Q5: Why is StorageClasses not automatically created after installation using Hwameistor-operator?

Probable reasons:

  1. The node has no remaining bare disks that can be automatically managed. You can check it by running the following command:

    kubectl get ld # Check disk
    kubectl get lsn <node-name> -o yaml # Check whether the disk is managed normally
  2. The hwameistor related components are not working properly. You can check it by running the following command:

    drbd-adapter is only needed when HA is enabled, if not, ignore the related error.

    kubectl get pod -n hwameistor # Confirm whether the pod is running 
    kubectl get hmcluster -o yaml # View the health field

Q6: How to expand the storage pool manually?

When is manually expanding storage needed:

  • To use the disk partition(#1387)
  • Same serial number is shared between different disks(#1450,#1449)

Manual expansion steps:

  1. Create and expand storage pool

      $ vgcreate LocalStorage_PoolHDD /dev/sdb

    LocalStorage_PoolHDD is the StoragePool name for HDD type disk. Other optional names are LocalStorage_PoolSSD for SSD type and LocalStorage_PoolNVMe for NVMe type.

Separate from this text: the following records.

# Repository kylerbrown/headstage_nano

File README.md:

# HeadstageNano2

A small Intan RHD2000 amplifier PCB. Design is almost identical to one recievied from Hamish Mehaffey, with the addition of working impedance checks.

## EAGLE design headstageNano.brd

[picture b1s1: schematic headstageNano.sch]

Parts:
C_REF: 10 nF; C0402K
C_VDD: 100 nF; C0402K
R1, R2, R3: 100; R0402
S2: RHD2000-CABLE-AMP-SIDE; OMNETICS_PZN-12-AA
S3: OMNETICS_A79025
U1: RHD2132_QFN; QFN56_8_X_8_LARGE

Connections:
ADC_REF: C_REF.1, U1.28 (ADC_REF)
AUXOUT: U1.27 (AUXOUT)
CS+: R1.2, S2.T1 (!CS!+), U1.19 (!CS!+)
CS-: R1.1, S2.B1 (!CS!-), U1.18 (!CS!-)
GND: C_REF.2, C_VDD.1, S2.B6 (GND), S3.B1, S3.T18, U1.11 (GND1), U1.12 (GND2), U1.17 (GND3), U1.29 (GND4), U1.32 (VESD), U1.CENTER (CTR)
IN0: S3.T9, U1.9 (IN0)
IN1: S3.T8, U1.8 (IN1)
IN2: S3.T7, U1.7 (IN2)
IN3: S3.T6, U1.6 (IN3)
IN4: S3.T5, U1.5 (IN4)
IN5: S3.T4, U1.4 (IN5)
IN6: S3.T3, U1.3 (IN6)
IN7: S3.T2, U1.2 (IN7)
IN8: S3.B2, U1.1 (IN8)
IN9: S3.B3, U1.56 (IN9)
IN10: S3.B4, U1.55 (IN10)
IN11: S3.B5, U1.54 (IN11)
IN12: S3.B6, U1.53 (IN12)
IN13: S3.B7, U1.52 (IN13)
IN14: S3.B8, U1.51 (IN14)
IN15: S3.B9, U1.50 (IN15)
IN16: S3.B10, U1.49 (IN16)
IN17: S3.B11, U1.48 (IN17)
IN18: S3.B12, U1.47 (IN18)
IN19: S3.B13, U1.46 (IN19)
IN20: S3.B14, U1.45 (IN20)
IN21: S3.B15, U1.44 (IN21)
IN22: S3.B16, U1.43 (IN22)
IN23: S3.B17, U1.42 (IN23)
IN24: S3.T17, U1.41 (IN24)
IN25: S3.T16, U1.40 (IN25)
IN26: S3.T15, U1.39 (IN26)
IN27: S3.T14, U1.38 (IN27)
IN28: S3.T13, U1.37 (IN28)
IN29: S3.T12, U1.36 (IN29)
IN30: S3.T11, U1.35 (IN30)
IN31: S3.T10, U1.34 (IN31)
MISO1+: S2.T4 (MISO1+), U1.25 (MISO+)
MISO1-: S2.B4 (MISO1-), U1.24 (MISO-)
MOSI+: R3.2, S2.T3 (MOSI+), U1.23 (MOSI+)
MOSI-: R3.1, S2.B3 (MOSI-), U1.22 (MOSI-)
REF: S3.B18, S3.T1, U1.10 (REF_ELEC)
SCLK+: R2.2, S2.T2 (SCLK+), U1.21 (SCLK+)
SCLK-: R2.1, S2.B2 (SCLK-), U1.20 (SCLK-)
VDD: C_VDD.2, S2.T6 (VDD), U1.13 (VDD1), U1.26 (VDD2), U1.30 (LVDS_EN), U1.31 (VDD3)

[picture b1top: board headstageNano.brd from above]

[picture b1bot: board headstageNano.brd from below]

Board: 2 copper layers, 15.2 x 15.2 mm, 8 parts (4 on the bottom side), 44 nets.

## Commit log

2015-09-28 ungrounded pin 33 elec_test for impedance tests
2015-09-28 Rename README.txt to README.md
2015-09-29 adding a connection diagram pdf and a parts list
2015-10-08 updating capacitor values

    If you want to expand the storage pool with disk partition, you can use the following command:

      $ vgcreate LocalStorage_PoolHDD /dev/sdb1

    If storage pool is already exist, you can use the following command:

      $ vgextend LocalStorage_PoolHDD /dev/sdb1
  2. Check the status of the node storage pool and confirm that the disk is added to the storage pool like this:

      $ kubectl get lsn node1 -oyaml
    apiVersion: hwameistor.io/v1alpha1
    kind: LocalStorageNode
    ...
    pools:
    LocalStorage_PoolHDD:
    class: HDD
    disks:
    - capacityBytes: 17175674880
    devPath: /dev/sdb
    ...